I would like to learn what kind of qualifiers are used and how often with different events listed in significant event (P793) property. I was working on the query below, but could not get it to work. can anybody help? --Jarekt (talk) 16:10, 20 March 2018 (UTC)

SELECT ?prop ?propLabel (count(*) as ?count)
WHERE
{
	?item p:P793 ?statement .
	?statement ?pq ?value .
	?statement ps:P793 wd:Q22340494 .
	?prop wikibase:qualifier ?pq .
	SERVICE wikibase:label { bd:serviceParam wikibase:language "en" } .
}
group by ?prop ?propLabel 
order by desc(?count)
LIMIT 100
Try it!
Please note the "List of qualifiers" in the top right of the property talk page. Sjoerd de Bruin (talk) 17:11, 20 March 2018 (UTC)
Thanks, that is what I was looking for. --Jarekt (talk) 19:01, 20 March 2018 (UTC)

List of all scientific articles with a PMCID and a title with a trailing asterisk and a dot (*.)

example: https://www.wikidata.org/wiki/Q50429148

@Mahdimoqri: Some timeout problems, hence the limit of 100... you may be able to use the (currently commented out) OFFSET value to choose increments of the set you're after.
SELECT ?item ?itemLabel 
WHERE
{
  ?item wdt:P932 ?value.
  ?item rdfs:label ?itemLabel. FILTER(lang(?itemLabel) = "en")
  FILTER STRENDS(str(?itemLabel), "*.") .
}
# offset 100
limit 100
Try it!
hth --Tagishsimon (talk) 05:20, 21 March 2018 (UTC)
@Tagishsimon: any other fix around the timeout problem? There are more than a thousands such items and I'm getting a timeout with offset=1000 Mahdimoqri (talk) 12:27, 21 March 2018 (UTC)
@Mahdimoqri: not that I can with confidence point you to. Perhaps the Quarry SQL query service will do it, but I'm not familiar that+wikidata. See, for instance this archive discussion, which touched on a similar timeout problem. --Tagishsimon (talk) 18:52, 21 March 2018 (UTC)
@Tagishsimon: thanks for directing me to Quarry - really neat tool! Mahdimoqri (talk) 23:50, 21 March 2018 (UTC)
@Mahdimoqri, Tagishsimon: You're trying to do a string operation on almost 4 million items. That's never going to be quick.
One thing you could try is to see if moving the LIMIT further up the query helps, so something like:
SELECT ?item ?itemLabel
WITH {
  SELECT ?item WHERE {
      ?item wdt:P932 ?value.
  } LIMIT 500000 OFFSET 3500000
} AS %items
WHERE {
  INCLUDE %items .
  ?item wdt:P1476 ?itemLabel. #FILTER(lang(?itemLabel) = "en")
  FILTER STRENDS(str(?itemLabel), "*.") .
}
Try it!
One catch is that I don't know how deterministic SELECT is. If one re-runs the query 8 times with different OFFSETs, will one get 8 completely different sets of results? The standard doesn't guarantee it (in fact warns not to expect it), but we might be lucky.
Unfortunately if we put an ORDER BY in the subselect to force an ordering, that sorting takes too long, and the query times out.

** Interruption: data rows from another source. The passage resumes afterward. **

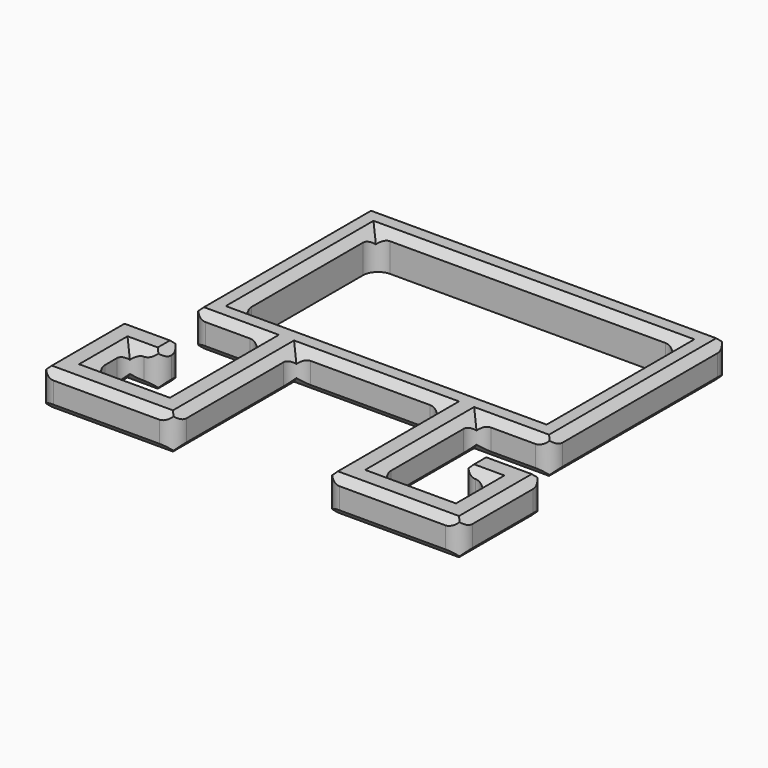
from build123d import *

# Parameters (mm, degrees)
F0_W     = 101
F0_H     = 56
F1_DEPTH = 12
F2_SIZE  = 2.5
F3_R     = 4.99999


# Not quite as in the source:
# - a fillet or chamfer is up to 0.001 mm smaller than in the source, because OpenCascade refuses the exact size


with BuildPart() as f1:
    # F0 (on Top) → F1 (new body)
    with BuildSketch(Plane.XY):
        Polygon((75.1021924019, 82.3358418196), (-43.8978075981, 82.3358418196), (-43.8978075981, 8.3358418196), (-19.1478075981, 8.3358418196), (-9.1478075981, 8.3358418196), (15.6021924019, 8.3358418196), (40.3521924019, 8.3358418196), (50.3521924019, 8.3358418196), (75.1021924019, 8.3358418196), align=None)
        with Locations((15.6021924019, 45.3358418196)):
            Rectangle(F0_W, F0_H, mode=Mode.SUBTRACT)
        Polygon((-9.1478075981, 8.3358418196), (-19.1478075981, 8.3358418196), (-19.1478075981, -31.6641581804), (-44.1478075981, -31.6641581804), (-44.1478075981, -16.6641581804), (-34.1478075981, -16.6641581804), (-34.1478075981, -6.6641581804), (-44.1478075981, -6.6641581804), (-54.1478075981, -6.6641581804), (-54.1478075981, -41.6641581804), (-9.1478075981, -41.6641581804), align=None)
        Polygon((50.3521924019, -31.6641581804), (50.3521924019, 8.3358418196), (40.3521924019, 8.3358418196), (40.3521924019, -41.6641581804), (85.3521924019, -41.6641581804), (85.3521924019, -6.6641581804), (75.3521924019, -6.6641581804), (65.3521924019, -6.6641581804), (65.3521924019, -16.6641581804), (75.3521924019, -16.6641581804), (75.3521924019, -31.6641581804), align=None)
    extrude(amount=F1_DEPTH)

    # F2
    f2_edges = [f1.edges().sort_by_distance(p)[0] for p in [
        (-43.897808, 45.335842, 0),
        (15.602192, 82.335842, 0),
        (75.102192, 45.335842, 0),
        (62.727192, 8.335842, 0),
        (50.352192, -11.664158, 0),
        (62.852192, -31.664158, 0),
        (75.352192, -24.164158, 0),
        (70.352192, -16.664158, 0),
        (65.352192, -11.664158, 0),
        (75.352192, -6.664158, 0),
        (85.352192, -24.164158, 0),
        (62.852192, -41.664158, 0),
        (-31.522808, 8.335842, 0),
        (40.352192, -16.664158, 0),
        (-9.147808, -16.664158, 0),
        (-31.647808, -41.664158, 0),
        (-54.147808, -24.164158, 0),
        (-44.147808, -6.664158, 0),
        (-31.647808, -31.664158, 0),
        (-19.147808, -11.664158, 0),
        (-31.522808, 8.335842, 12),
        (62.727192, 8.335842, 12),
        (15.602192, 82.335842, 12),
        (-43.897808, 45.335842, 12),
        (-19.147808, -11.664158, 12),
        (-31.647808, -31.664158, 12),
        (-44.147808, -24.164158, 12),
        (-39.147808, -16.664158, 12),
        (-34.147808, -11.664158, 12),
        (-44.147808, -6.664158, 12),
        (-54.147808, -24.164158, 12),
        (-31.647808, -41.664158, 12),
        (-9.147808, -16.664158, 12),
        (15.602192, 8.335842, 12),
        (40.352192, -16.664158, 12),
        (62.852192, -41.664158, 12),
        (85.352192, -24.164158, 12),
        (75.352192, -6.664158, 12),
        (65.352192, -11.664158, 12),
        (70.352192, -16.664158, 12),
        (75.352192, -24.164158, 12),
        (62.852192, -31.664158, 12),
        (50.352192, -11.664158, 12),
        (75.102192, 45.335842, 12),
        (15.602192, 17.335842, 12),
        (-34.897808, 45.335842, 12),
        (15.602192, 73.335842, 12),
        (66.102192, 45.335842, 12),
        (-39.147808, -16.664158, 0),
        (-44.147808, -24.164158, 0),
        (-34.147808, -11.664158, 0),
        (15.602192, 8.335842, 0),
    ]]
    chamfer(f2_edges, length=F2_SIZE)

    # F3 (radius 5 in the source; OpenCascade refuses exactly that, so slightly less here)
    f3_edges = [f1.edges().sort_by_distance(p)[0] for p in [
        (-34.897808, 73.335842, 4.75),
        (-34.897808, 17.335842, 4.75),
        (66.102192, 17.335842, 4.75),
        (66.102192, 73.335842, 4.75),
        (75.102192, 8.335842, 6),
        (-43.897808, 8.335842, 6),
        (-43.897808, 82.335842, 6),
        (75.102192, 82.335842, 6),
        (-19.147808, 8.335842, 6),
        (-9.147808, 8.335842, 6),
        (40.352192, 8.335842, 6),
        (50.352192, 8.335842, 6),
        (-9.147808, -41.664158, 6),
        (-54.147808, -41.664158, 6),
        (-54.147808, -6.664158, 6),
        (-34.147808, -6.664158, 6),
        (-34.147808, -16.664158, 6),
        (-44.147808, -16.664158, 6),
        (-44.147808, -31.664158, 6),
        (-19.147808, -31.664158, 6),
        (40.352192, -41.664158, 6),
        (85.352192, -41.664158, 6),
        (85.352192, -6.664158, 6),
        (65.352192, -6.664158, 6),
        (65.352192, -16.664158, 6),
        (75.352192, -16.664158, 6),
        (50.352192, -31.664158, 6),
        (75.352192, -31.664158, 6),
    ]]
    fillet(f3_edges, radius=F3_R)


solid = f1.part

Jheald (talk) 20:37, 21 March 2018 (UTC)
I should also flag that I changed to query to look at title (P1476) rather then rdfs:label in the hope that the smaller join might be a little quicker. Jheald (talk) 20:53, 21 March 2018 (UTC)
@Jheald: thanks, this is wonderful! I could parse through all 4 million items using only 4 runs. Putting the result here for reference. Mahdimoqri (talk) 23:50, 21 March 2018 (UTC)
As already indicated by User:Tagishsimon, Quarry is the tool to use here to do the expensive string lookup: quarry:query/15246. It only looks for en-labels ending with *., thus you’d have to filter the Quarry result for PMCID (P932) presence using SPARQL. —MisterSynergy (talk) 21:47, 21 March 2018 (UTC)
@MisterSynergy: thanks for the quarry query. If you have the energy, two questions: 1. can the quarry query be extended to query for PMCID (P932) presence, and 2. if not, what's the suggested mechanism for using SPARQL to winnow a quarry result set. Academic questions for my personal betterment. thx --Tagishsimon (talk) 11:00, 22 March 2018 (UTC)
Without code. 1) you can use pagelinks table. Note, that this isn't always good. That wouldn't know, how the property is used - as property, qualifier or reference. For items it is worse - it won't know, to which property it's used. 2) I usually download full SPARQL dataset (items which uses property X) and do intersection with quarry results. Of course, programmatically, not manually (e.g. with Excel). --Edgars2007 (talk) 11:16, 22 March 2018 (UTC)
No, unfortunately the SQL database does not contain any information about statements. The wb_terms table just contains all labels, descriptions, and aliases in all languages, and SQL string operations are apparently significantly faster than SPARQL string operations. The Quarry took somewhat over one minute to execute, and it tries to find matches in all 33.2M English labels during that time.
To further process these results in SPARQL, you need to transform the output to:
SELECT ?item WHERE {
  VALUES ?item {
    wd:Q42924406 wd:Q45360137 wd:Q43832114 wd:Q50427080 # … and so on; don’t hesitate to put a large number of items here
  }
  ?item wdt:P932 [] .
}
Try it!
You need to put all items from the Quarry into the third line with wd: prefix for each Q-ID, separated by spaces. It is very simple to prepare that line if you download the Quarry result, (e.g. TSV format), put the result to Excel, copy the column containing Q-ID to a (powerful) text editor such as Notepad++ (Q2033), and perform a regex find&replace transformation (replace \r\n by  wd: – mind the leading space in the latter). If \r\n does not work, try \n (this is very likey on Linux systems the case, see en:Newline). The SPARQL query then allows you to work on the results set, and you can do whatever you’d like to with it. —MisterSynergy (talk) 11:23, 22 March 2018 (UTC)
Thanks; I'm obliged to you both, Edgars2007 & MisterSynergy. I'll play :) --Tagishsimon (talk) 13:12, 22 March 2018 (UTC)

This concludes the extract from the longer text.